The answer is a single number: the count of lines in the records below that contain the word "Value".

─── THE DATA

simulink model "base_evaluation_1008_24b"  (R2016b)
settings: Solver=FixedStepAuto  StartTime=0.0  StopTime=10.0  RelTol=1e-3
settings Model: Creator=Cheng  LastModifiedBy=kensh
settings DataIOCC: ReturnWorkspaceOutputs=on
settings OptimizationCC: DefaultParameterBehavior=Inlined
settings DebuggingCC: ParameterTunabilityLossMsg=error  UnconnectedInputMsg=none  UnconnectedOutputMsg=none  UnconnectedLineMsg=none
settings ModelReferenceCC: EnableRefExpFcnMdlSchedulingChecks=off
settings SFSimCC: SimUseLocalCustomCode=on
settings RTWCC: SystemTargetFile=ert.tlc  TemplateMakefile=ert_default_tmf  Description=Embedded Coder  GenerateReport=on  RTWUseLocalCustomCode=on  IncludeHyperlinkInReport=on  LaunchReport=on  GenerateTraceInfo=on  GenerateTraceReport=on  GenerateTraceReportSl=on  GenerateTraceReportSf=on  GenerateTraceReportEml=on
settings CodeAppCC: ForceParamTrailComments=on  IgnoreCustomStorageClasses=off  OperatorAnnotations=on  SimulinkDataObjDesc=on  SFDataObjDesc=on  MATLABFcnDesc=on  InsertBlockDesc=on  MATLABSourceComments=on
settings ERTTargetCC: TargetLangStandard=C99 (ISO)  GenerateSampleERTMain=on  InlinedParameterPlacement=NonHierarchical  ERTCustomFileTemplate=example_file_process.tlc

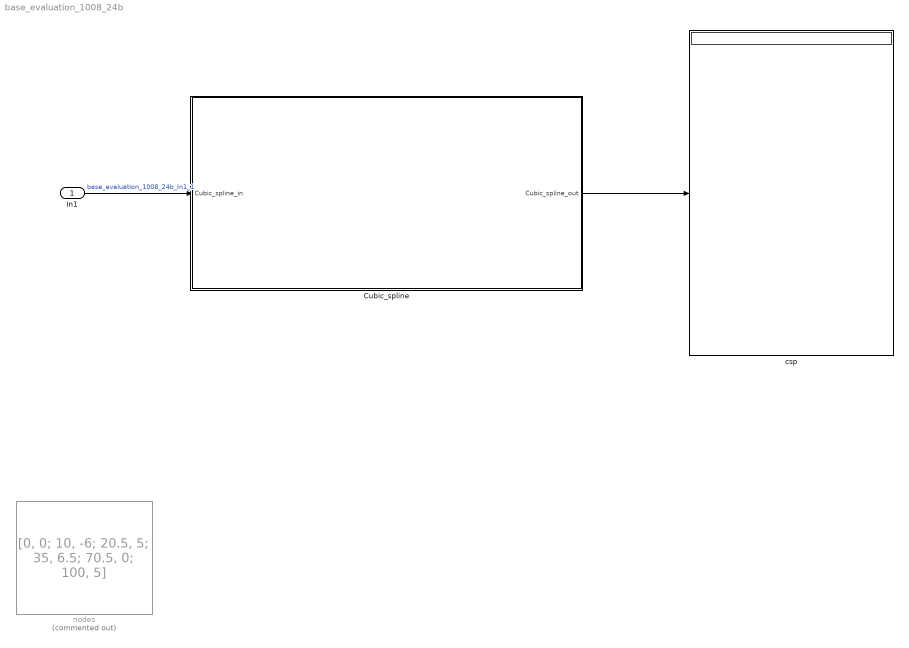
== system base_evaluation_1008_24b ==
  In1 : Inport
  Cubic_spline : Subsystem
  csp : Display
  nodes : Constant  Commented=on  Value=[0, 0; 10, -6; 20.5, 5; 35, 6.5; 70.5, 0; 100, 5]
  wires:
  Cubic_spline/1(Cubic_spline_out) -> csp/1
  In1/1 -> Cubic_spline/1(Cubic_spline_in)  "base_evaluation_1008_24b_In1_1"

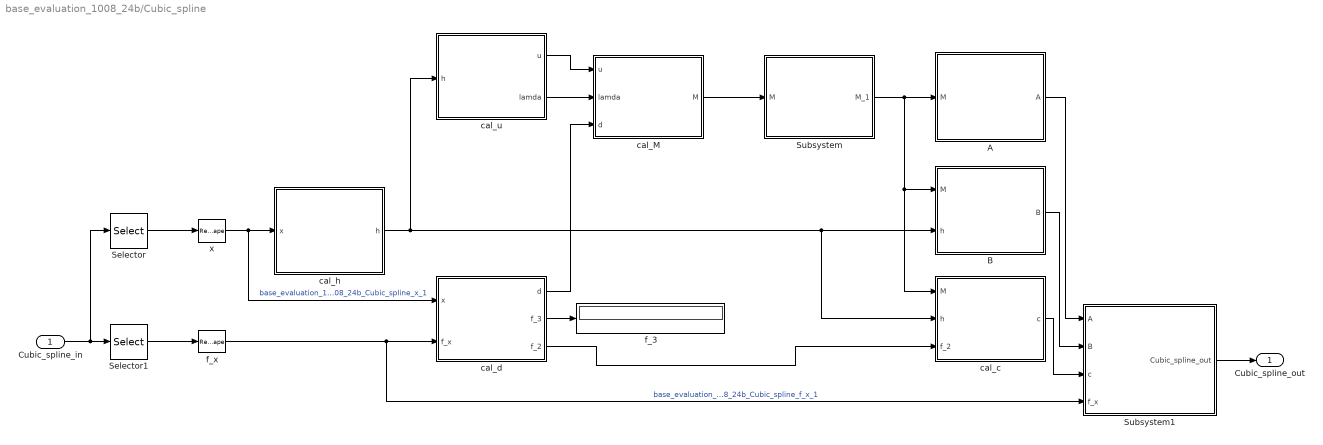
== system base_evaluation_1008_24b/Cubic_spline ==
  Cubic_spline_in : Inport
  A : Subsystem
  B : Subsystem
  Selector : Selector  NumberOfDimensions=2  InputPortWidth=3  IndexOptions=Select all,Index vector (dialog)  Indices=1,1  OutputSizes=1,1
  Selector1 : Selector  NumberOfDimensions=2  InputPortWidth=3  IndexOptions=Select all,Index vector (dialog)  Indices=1,2  OutputSizes=1,1
  Subsystem : Subsystem
  Subsystem1 : Subsystem
  cal_M : Subsystem
  cal_c : Subsystem
  cal_d : Subsystem
  cal_h : Subsystem
  cal_u : Subsystem
  f_3 : Display
  f_x : Reshape  OutputDimensionality=Row vector (2-D)
  x : Reshape  OutputDimensionality=Row vector (2-D)
  Cubic_spline_out : Outport
  wires:
  Cubic_spline_in/1 -> Selector1/1, Selector/1
  f_x/1 -> Subsystem1/4(f_x), cal_d/2(f_x)  "base_evaluation_1008_24b_Cubic_spline_f_x_1"
  Selector1/1 -> f_x/1
  Selector/1 -> x/1
  x/1 -> cal_d/1(x), cal_h/1(x)  "base_evaluation_1008_24b_Cubic_spline_x_1"
  cal_M/1(M) -> Subsystem/1(M)
  cal_h/1(h) -> cal_c/2(h), B/2(h), cal_u/1(h)
  cal_u/1(u) -> cal_M/1(u)
  cal_c/1(c) -> Subsystem1/3(c)
  cal_u/2(lamda) -> cal_M/2(lamda)
  cal_d/1(d) -> cal_M/3(d)
  cal_d/2(f_3) -> f_3/1
  cal_d/3(f_2) -> cal_c/3(f_2)
  Subsystem/1(M_1) -> B/1(M), cal_c/1(M), A/1(M)
  A/1(A) -> Subsystem1/1(A)
  B/1(B) -> Subsystem1/2(B)
  Subsystem1/1(Cubic_spline_out) -> Cubic_spline_out/1

== system base_evaluation_1008_24b/Cubic_spline/A ==
  M : Inport
  Gain{,1..4} (5 alike) : Gain  Gain=0.5
  M1 : Selector  InputPortWidth=6  IndexOptions=Index vector (dialog)  Indices=[1]  OutputSizes=1
  M2 : Selector  InputPortWidth=6  IndexOptions=Index vector (dialog)  Indices=[2]  OutputSizes=1
  M3 : Selector  InputPortWidth=6  IndexOptions=Index vector (dialog)  Indices=[3]  OutputSizes=1
  M4 : Selector  InputPortWidth=6  IndexOptions=Index vector (dialog)  Indices=[4]  OutputSizes=1
  M5 : Selector  InputPortWidth=6  IndexOptions=Index vector (dialog)  Indices=[5]  OutputSizes=1
  Mux : Mux  Inputs=5
  Reshape : Reshape  OutputDimensionality=Row vector (2-D)
  A : Outport
  wires:
  M3/1 -> Gain2/1
  M4/1 -> Gain3/1
  M/1 -> M5/1, M4/1, M3/1, M2/1, M1/1
  M2/1 -> Gain1/1
  M1/1 -> Gain/1
  M5/1 -> Gain4/1
  Gain/1 -> Mux/1  "base_evaluation_1008_24b_Cubic_spline_A_Gain_1"
  Gain1/1 -> Mux/2  "base_evaluation_1008_24b_Cubic_spline_A_Gain1_1"
  Gain2/1 -> Mux/3  "base_evaluation_1008_24b_Cubic_spline_A_Gain2_1"
  Gain3/1 -> Mux/4  "base_evaluation_1008_24b_Cubic_spline_A_Gain3_1"
  Gain4/1 -> Mux/5  "base_evaluation_1008_24b_Cubic_spline_A_Gain4_1"
  Mux/1 -> Reshape/1
  Reshape/1 -> A/1  "base_evaluation_1008_24b_Cubic_spline_A_Reshape_1"

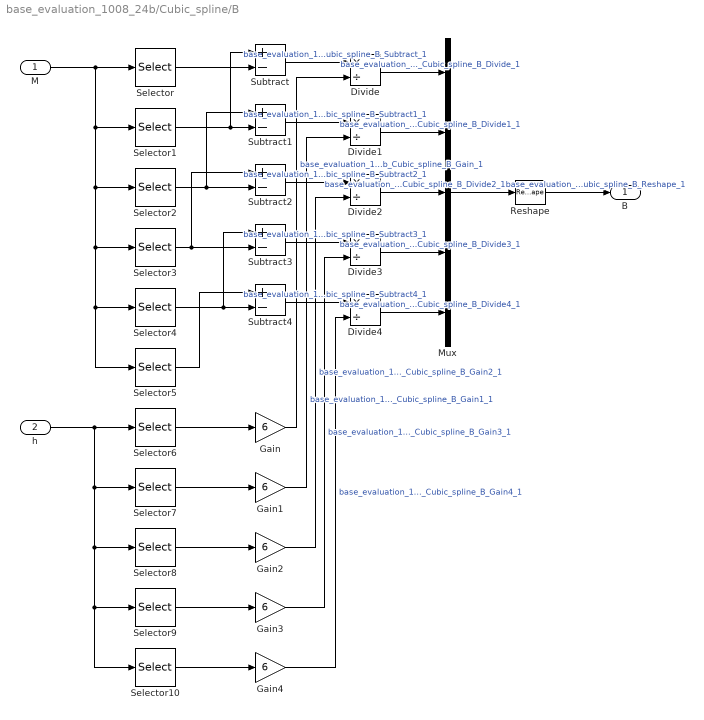
== system base_evaluation_1008_24b/Cubic_spline/B ==
  M : Inport
  h : Inport  Port=2
  Divide{,1..4} (5 alike) : Product  Inputs=*/
  Gain{,1..4} (5 alike) : Gain  Gain=6
  Mux : Mux  Inputs=5
  Reshape : Reshape  OutputDimensionality=Row vector (2-D)
  Selector : Selector  InputPortWidth=6  IndexOptions=Index vector (dialog)  Indices=[1]  OutputSizes=1
  Selector1 : Selector  InputPortWidth=6  IndexOptions=Index vector (dialog)  Indices=[2]  OutputSizes=1
  Selector10 : Selector  InputPortWidth=5  IndexOptions=Index vector (dialog)  Indices=[5]  OutputSizes=1
  Selector2 : Selector  InputPortWidth=6  IndexOptions=Index vector (dialog)  Indices=[3]  OutputSizes=1
  Selector3 : Selector  InputPortWidth=6  IndexOptions=Index vector (dialog)  Indices=[4]  OutputSizes=1
  Selector4 : Selector  InputPortWidth=6  IndexOptions=Index vector (dialog)  Indices=[5]  OutputSizes=1
  Selector5 : Selector  InputPortWidth=6  IndexOptions=Index vector (dialog)  Indices=[6]  OutputSizes=1
  Selector6 : Selector  InputPortWidth=5  IndexOptions=Index vector (dialog)  Indices=[1]  OutputSizes=1
  Selector7 : Selector  InputPortWidth=5  IndexOptions=Index vector (dialog)  Indices=[2]  OutputSizes=1
  Selector8 : Selector  InputPortWidth=5  IndexOptions=Index vector (dialog)  Indices=[3]  OutputSizes=1
  Selector9 : Selector  InputPortWidth=5  IndexOptions=Index vector (dialog)  Indices=[4]  OutputSizes=1
  Subtract{,1..4} (5 alike) : Sum  Inputs=+-
  B : Outport
  wires:
  h/1 -> Selector10/1, Selector9/1, Selector8/1, Selector7/1, Selector6/1
  M/1 -> Selector5/1, Selector4/1, Selector3/1, Selector2/1, Selector1/1, Selector/1
  Selector1/1 -> Subtract1/2, Subtract/1
  Selector/1 -> Subtract/2
  Selector2/1 -> Subtract2/2, Subtract1/1
  Selector3/1 -> Subtract3/2, Subtract2/1
  Selector6/1 -> Gain/1
  Selector7/1 -> Gain1/1
  Selector8/1 -> Gain2/1
  Subtract/1 -> Divide/1  "base_evaluation_1008_24b_Cubic_spline_B_Subtract_1"
  Gain/1 -> Divide/2  "base_evaluation_1008_24b_Cubic_spline_B_Gain_1"
  Subtract1/1 -> Divide1/1  "base_evaluation_1008_24b_Cubic_spline_B_Subtract1_1"
  Gain1/1 -> Divide1/2  "base_evaluation_1008_24b_Cubic_spline_B_Gain1_1"
  Subtract2/1 -> Divide2/1  "base_evaluation_1008_24b_Cubic_spline_B_Subtract2_1"
  Gain2/1 -> Divide2/2  "base_evaluation_1008_24b_Cubic_spline_B_Gain2_1"
  Divide/1 -> Mux/1  "base_evaluation_1008_24b_Cubic_spline_B_Divide_1"
  Divide1/1 -> Mux/2  "base_evaluation_1008_24b_Cubic_spline_B_Divide1_1"
  Divide2/1 -> Mux/3  "base_evaluation_1008_24b_Cubic_spline_B_Divide2_1"
  Mux/1 -> Reshape/1
  Reshape/1 -> B/1  "base_evaluation_1008_24b_Cubic_spline_B_Reshape_1"
  Selector4/1 -> Subtract4/2, Subtract3/1
  Selector5/1 -> Subtract4/1
  Selector9/1 -> Gain3/1
  Selector10/1 -> Gain4/1
  Divide3/1 -> Mux/4  "base_evaluation_1008_24b_Cubic_spline_B_Divide3_1"
  Divide4/1 -> Mux/5  "base_evaluation_1008_24b_Cubic_spline_B_Divide4_1"
  Subtract3/1 -> Divide3/1  "base_evaluation_1008_24b_Cubic_spline_B_Subtract3_1"
  Subtract4/1 -> Divide4/1  "base_evaluation_1008_24b_Cubic_spline_B_Subtract4_1"
  Gain3/1 -> Divide3/2  "base_evaluation_1008_24b_Cubic_spline_B_Gain3_1"
  Gain4/1 -> Divide4/2  "base_evaluation_1008_24b_Cubic_spline_B_Gain4_1"

== system base_evaluation_1008_24b/Cubic_spline/Subsystem ==
  M : Inport
  Constant : Constant  Value=0
  Constant1 : Constant  Value=0
  M1 : Selector  InputPortWidth=4  IndexOptions=Index vector (dialog)  Indices=[1]  OutputSizes=1
  M2 : Selector  InputPortWidth=4  IndexOptions=Index vector (dialog)  Indices=[2]  OutputSizes=1
  M3 : Selector  InputPortWidth=4  IndexOptions=Index vector (dialog)  Indices=[3]  OutputSizes=1
  M4 : Selector  InputPortWidth=4  IndexOptions=Index vector (dialog)  Indices=[4]  OutputSizes=1
  Mux : Mux  Inputs=6
  Reshape : Reshape  OutputDimensionality=Column vector (2-D)
  M_1 : Outport
  wires:
  Mux/1 -> Reshape/1
  Constant/1 -> Mux/1  "base_evaluation_1008_24b_Cubic_spline_Subsystem_Constant_1"
  M1/1 -> Mux/2
  Constant1/1 -> Mux/6  "base_evaluation_1008_24b_Cubic_spline_Subsystem_Constant1_1"
  M2/1 -> Mux/3
  Reshape/1 -> M_1/1  "base_evaluation_1008_24b_Cubic_spline_Subsystem_Reshape_1"
  M3/1 -> Mux/4
  M4/1 -> Mux/5
  M/1 -> M4/1, M3/1, M2/1, M1/1

== system base_evaluation_1008_24b/Cubic_spline/Subsystem1 ==
  A : Inport
  B : Inport  Port=2
  c : Inport  Port=3
  f_x : Inport  Port=4
  MatrixConcatenate : Concatenate  NumInputs=5  Mode=Multidimensional array
  Subsystem : Subsystem
  Subsystem1 : Subsystem
  Subsystem2 : Subsystem
  Subsystem3 : Subsystem
  Subsystem4 : Subsystem
  Cubic_spline_out : Outport
  wires:
  A/1 -> Subsystem1/1(A), Subsystem2/1(A), Subsystem4/1(A), Subsystem3/1(A), Subsystem/1(A)
  B/1 -> Subsystem/2(B), Subsystem1/2(B), Subsystem2/2(B), Subsystem4/2(B), Subsystem3/2(B)
  c/1 -> Subsystem/3(c), Subsystem1/3(c), Subsystem2/3(c), Subsystem4/3(c), Subsystem3/3(c)
  f_x/1 -> Subsystem/4(f_x), Subsystem1/4(f_x), Subsystem2/4(f_x), Subsystem4/4(f_x), Subsystem3/4(f_x)
  Subsystem/1(1) -> MatrixConcatenate/1
  Subsystem1/1(2) -> MatrixConcatenate/2
  Subsystem2/1(3) -> MatrixConcatenate/3
  Subsystem3/1(4) -> MatrixConcatenate/4
  Subsystem4/1(5) -> MatrixConcatenate/5
  MatrixConcatenate/1 -> Cubic_spline_out/1  "base_evaluation_1008_24b_Cubic_spline_Subsystem1_MatrixConcatenate_1"

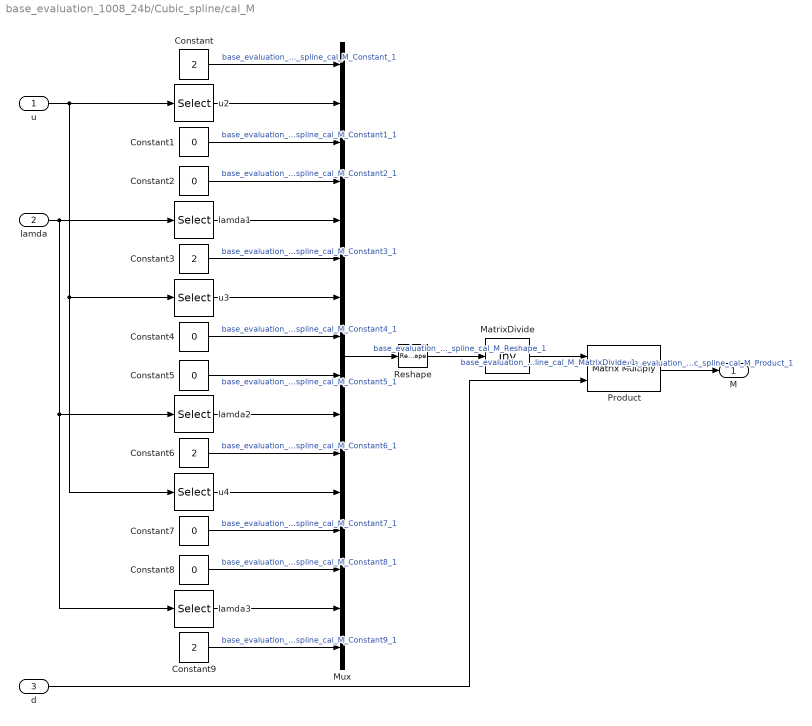
== system base_evaluation_1008_24b/Cubic_spline/cal_M ==
  u : Inport
  lamda : Inport  Port=2
  d : Inport  Port=3
  Constant{,3,6,9} (4 alike) : Constant  Value=2
  Constant{1..2,4..5,7..8} (6 alike) : Constant  Value=0
  MatrixDivide : Product  Inputs=/  Multiplication=Matrix(*)
  Mux : Mux  Inputs=16
  Product : Product  Multiplication=Matrix(*)
  Reshape : Reshape  OutputDimensionality=Customize  OutputDimensions=[4,4]
  lamda1 : Selector  InputPortWidth=4  IndexOptions=Index vector (dialog)  Indices=[1]  OutputSizes=1
  lamda2 : Selector  InputPortWidth=4  IndexOptions=Index vector (dialog)  Indices=[2]  OutputSizes=1
  lamda3 : Selector  InputPortWidth=4  IndexOptions=Index vector (dialog)  Indices=[3]  OutputSizes=1
  u2 : Selector  InputPortWidth=4  IndexOptions=Index vector (dialog)  Indices=[2]  OutputSizes=1
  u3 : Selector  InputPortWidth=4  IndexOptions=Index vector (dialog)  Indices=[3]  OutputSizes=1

──────

ANSWER TO THIS TASK:
5